The Problem with Collecting, Processing, and Analyzing More Security Data

Security teams collect a heck of a lot of data today.  ESG research indicates that 38% of organizations collect, process, and analyze more than 10 terabytes of data as part of security operations each month. 

What types of data?  The research indicates that the biggest data sources include firewall logs, log data from other types of security devices, log data from networking devices, data generated by AV tools, user activity logs, application logs, etc.

It’s also worth mentioning that the amount of security data collected continues to grow on an annual basis.  In fact, 28% of organizations say they collect, process, and analyze substantially more data today than two years ago, while another 49% of organizations collect, process, and analyze somewhat more data today than two years ago.

Overall, this obsession with security data is a good thing.  Somewhere within a growing haystack of data there exist needles of value.  In theory then, more data equates to more needles.

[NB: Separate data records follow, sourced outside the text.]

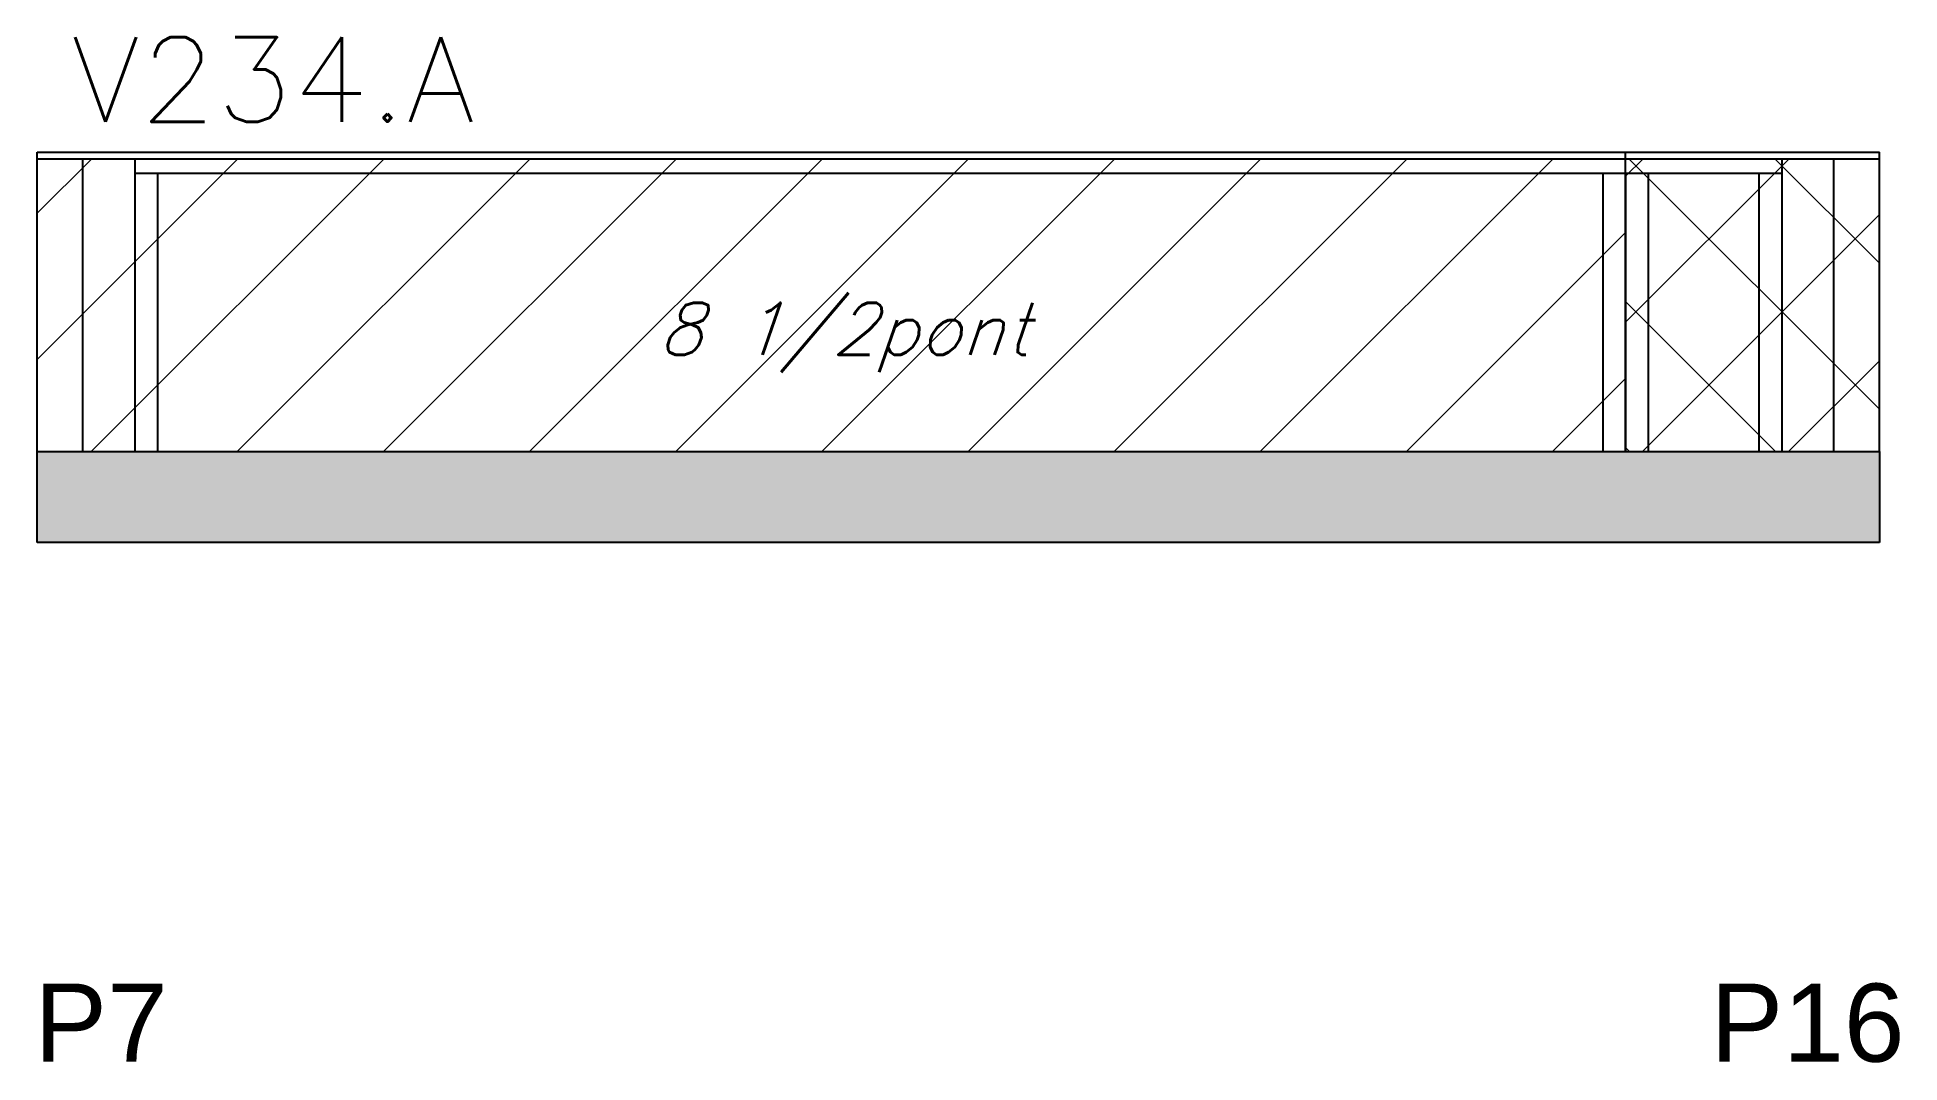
# Model space of a CAD drawing. Header units: millimetres. Extents: x 7588 to 7874, y 4179 to 4337.
import ezdxf

# ---------------------------------------------------------------- set-up
doc = ezdxf.new("R2010")
doc.units = ezdxf.units.MM
for name, color, linetype in [('5', 5, 'Continuous'), ('COTA', 241, 'Continuous'), ('Painéis', 200, 'Continuous'), ('SARR_2.2x7', 40, 'Continuous'), ('SARR_3.5x7', 81, 'Continuous'), ('texto', 7, 'Continuous')]:
    doc.layers.add(name, color=color, linetype=linetype)
doc.layers.add('REAPROVEITAMENTO', color=251, linetype='Continuous', lineweight=9)
doc.layers.add('Texto Seção', color=7, linetype='Continuous', lineweight=15)
doc.styles.add('REGUA-120', font='ROMANS.shx', dxfattribs={"height": 15})
doc.styles.add('Romans', font='romans.shx')
doc.styles.get("Standard").update_dxf_attribs({"font": 'arial.ttf'})

msp = doc.modelspace()

# ---------------------------------------------------------------- hatches: boundary and pattern name
at = {"layer": 'COTA', "linetype": 'ByBlock'}
h = msp.add_hatch(dxfattribs=at)
h.set_pattern_fill('AR-CONC', color=256, scale=0.03)
h.set_pattern_definition([(50, (-779.1843, -6642.369), (5.46554, -0.4781726), [0.5715, -6.2865]), (355, (-779.1843, -6642.369), (-1.0573026, 5.7317054), [0.4572, -5.0292175]), (100.451445, (-778.729, -6642.409), (4.4082374, 5.2535326), [0.4857003, -5.3427073]), (46.1842, (-779.1843, -6640.845), (8.1323712, -1.26127), [0.85725, -9.42975]), (96.63556, (-778.507, -6640.95), (7.122124, 7.4227837), [0.7285507, -8.014068]), (351.18415, (-779.184, -6640.845), (7.122124, 7.4227837), [0.685799, -7.543792]), (21, (-778.4223, -6641.226), (4.5484317, -3.067956), [0.5715, -6.2865]), (326, (-778.4223, -6641.226), (1.8540609, 5.525639), [0.4572, -5.0292]), (71.451445, (-778.0433, -6641.4816), (6.4024926, 2.457683), [0.4857003, -5.3426981]), (37.5, (-779.1843, -6642.369), (0.0926581, 2.53665117), [0, -4.96824, 0, -5.1054, 0, -5.04825]), (7.5, (-779.1843, -6642.369), (2.0045899, 3.00541724), [0, -2.91084, 0, -4.85394, 0, -1.92405]), (327.5, (-780.8836, -6642.369), (4.06771786, -0.17186232), [0, -1.905, 0, -5.9436, 0, -7.8867]), (317.5, (-781.6456, -6642.369), (4.4438754, 0.7627947), [0, -2.4765, 0, -3.94716, 0, -5.6007])])
h.paths.add_polyline_path([(7870.72, 4258.9), (7587.72, 4258.9), (7587.72, 4272.9), (7870.72, 4272.9)])
at = {"layer": 'REAPROVEITAMENTO'}
h = msp.add_hatch(dxfattribs=at)
h.set_pattern_fill('ANSI31', color=256, scale=5, style=0)
h.set_pattern_definition([(45, (2337.776, -10818.71), (-11.22532, 11.22532), [])])
h.paths.add_polyline_path([(7587.72, 4272.9), (7831.72, 4272.9), (7831.72, 4317.9), (7587.72, 4317.9)])
h = msp.add_hatch(dxfattribs=at)
h.set_pattern_fill('ANSI37', color=256, scale=5, style=0)
h.set_pattern_definition([(45, (2276.776, -10803.71), (-11.22532, 11.22532), []), (135, (2276.776, -10803.71), (-11.22532, -11.22532), [])])
h.paths.add_polyline_path([(7870.72, 4317.9), (7831.72, 4317.9), (7831.72, 4272.9), (7870.72, 4272.9)])

# ---------------------------------------------------------------- linework, layer by layer
at = {"layer": 'COTA', "linetype": 'ByBlock'}
for p, q in [((7587.72, 4258.9), (7587.72, 4272.9)), ((7870.72, 4272.9), (7870.72, 4258.9)), ((7870.72, 4258.9), (7587.72, 4258.9))]:
    msp.add_line(p, q, dxfattribs=at)
at = {"layer": 'Painéis', "linetype": 'ByBlock'}
for p, q in [((7587.72, 4317.9), (7870.72, 4317.9)), ((7587.72, 4272.9), (7587.72, 4317.9)), ((7831.72, 4272.9), (7831.72, 4317.9)), ((7870.72, 4272.9), (7870.72, 4317.9)), ((7587.72, 4272.9), (7870.72, 4272.9))]:
    msp.add_line(p, q, dxfattribs=at)
at = {"layer": 'SARR_2.2x7', "linetype": 'Continuous'}
for p, q in [((7587.72, 4318.9), (7831.72, 4318.9)), ((7587.72, 4317.9), (7587.72, 4318.9)), ((7594.72, 4272.9), (7594.72, 4317.9)), ((7831.72, 4318.9), (7870.72, 4318.9)), ((7831.72, 4317.9), (7831.72, 4318.9)), ((7863.72, 4272.9), (7863.72, 4317.9)), ((7870.72, 4317.9), (7870.72, 4318.9)), ((7602.72, 4315.7), (7831.72, 4315.7)), ((7831.72, 4315.7), (7855.72, 4315.7))]:
    msp.add_line(p, q, dxfattribs=at)
at = {"layer": 'SARR_3.5x7'}
for p, q in [((7602.72, 4317.9), (7602.72, 4272.9)), ((7855.72, 4317.9), (7855.72, 4272.9)), ((7606.22, 4315.7), (7606.22, 4272.9)), ((7828.22, 4315.7), (7828.22, 4272.9)), ((7831.72, 4315.7), (7831.72, 4272.9)), ((7835.22, 4315.7), (7835.22, 4272.9)), ((7852.22, 4315.7), (7852.22, 4272.9)), ((7602.72, 4272.9), (7606.22, 4272.9)), ((7828.22, 4272.9), (7831.72, 4272.9)), ((7831.72, 4272.9), (7835.22, 4272.9)), ((7852.22, 4272.9), (7855.72, 4272.9))]:
    msp.add_line(p, q, dxfattribs=at)

# ---------------------------------------------------------------- texts
at = {"layer": '5', "linetype": 'Continuous'}
for s, p in [('P7', (7587.26, 4179.1)), ('P16', (7844.76, 4179.1))]:
    msp.add_text(s, height=12, rotation=0, dxfattribs=at).set_placement(p)
at = {"layer": 'texto', "color": 2, "insert": (7711.65, 4290.44), "char_height": 8, "attachment_point": 5, "style": 'Romans'}
msp.add_mtext('{\\Q19;\\C256;8 1/2pont}', dxfattribs=at)
at = {"layer": 'Texto Seção', "style": 'REGUA-120', "width": 1.05}
msp.add_text('V234.A', height=13, dxfattribs=at).set_placement((7592.96, 4323.58))

doc.saveas('drawing.dxf')

Unfortunately, more data comes with a lot of baggage as well.  Someone or something must sort through all the data, interpret it, make sense of it, and put it to use.  There’s also a fundamental storage challenge here.  Do I keep all this data or define some taxonomy of value, keep the valuable data, and throw everything else out?  Do I centralize the data or distribute it?  Do I store the data on my network or in the cloud?  Oh, and how do I manage all this data:  RDBMS?  Elastic search?  Hadoop?  SIEM?

Let’s face it, security is a big data application so it’s time that the security industry and cybersecurity professionals come together, think through security data problems, and come up with some communal solutions.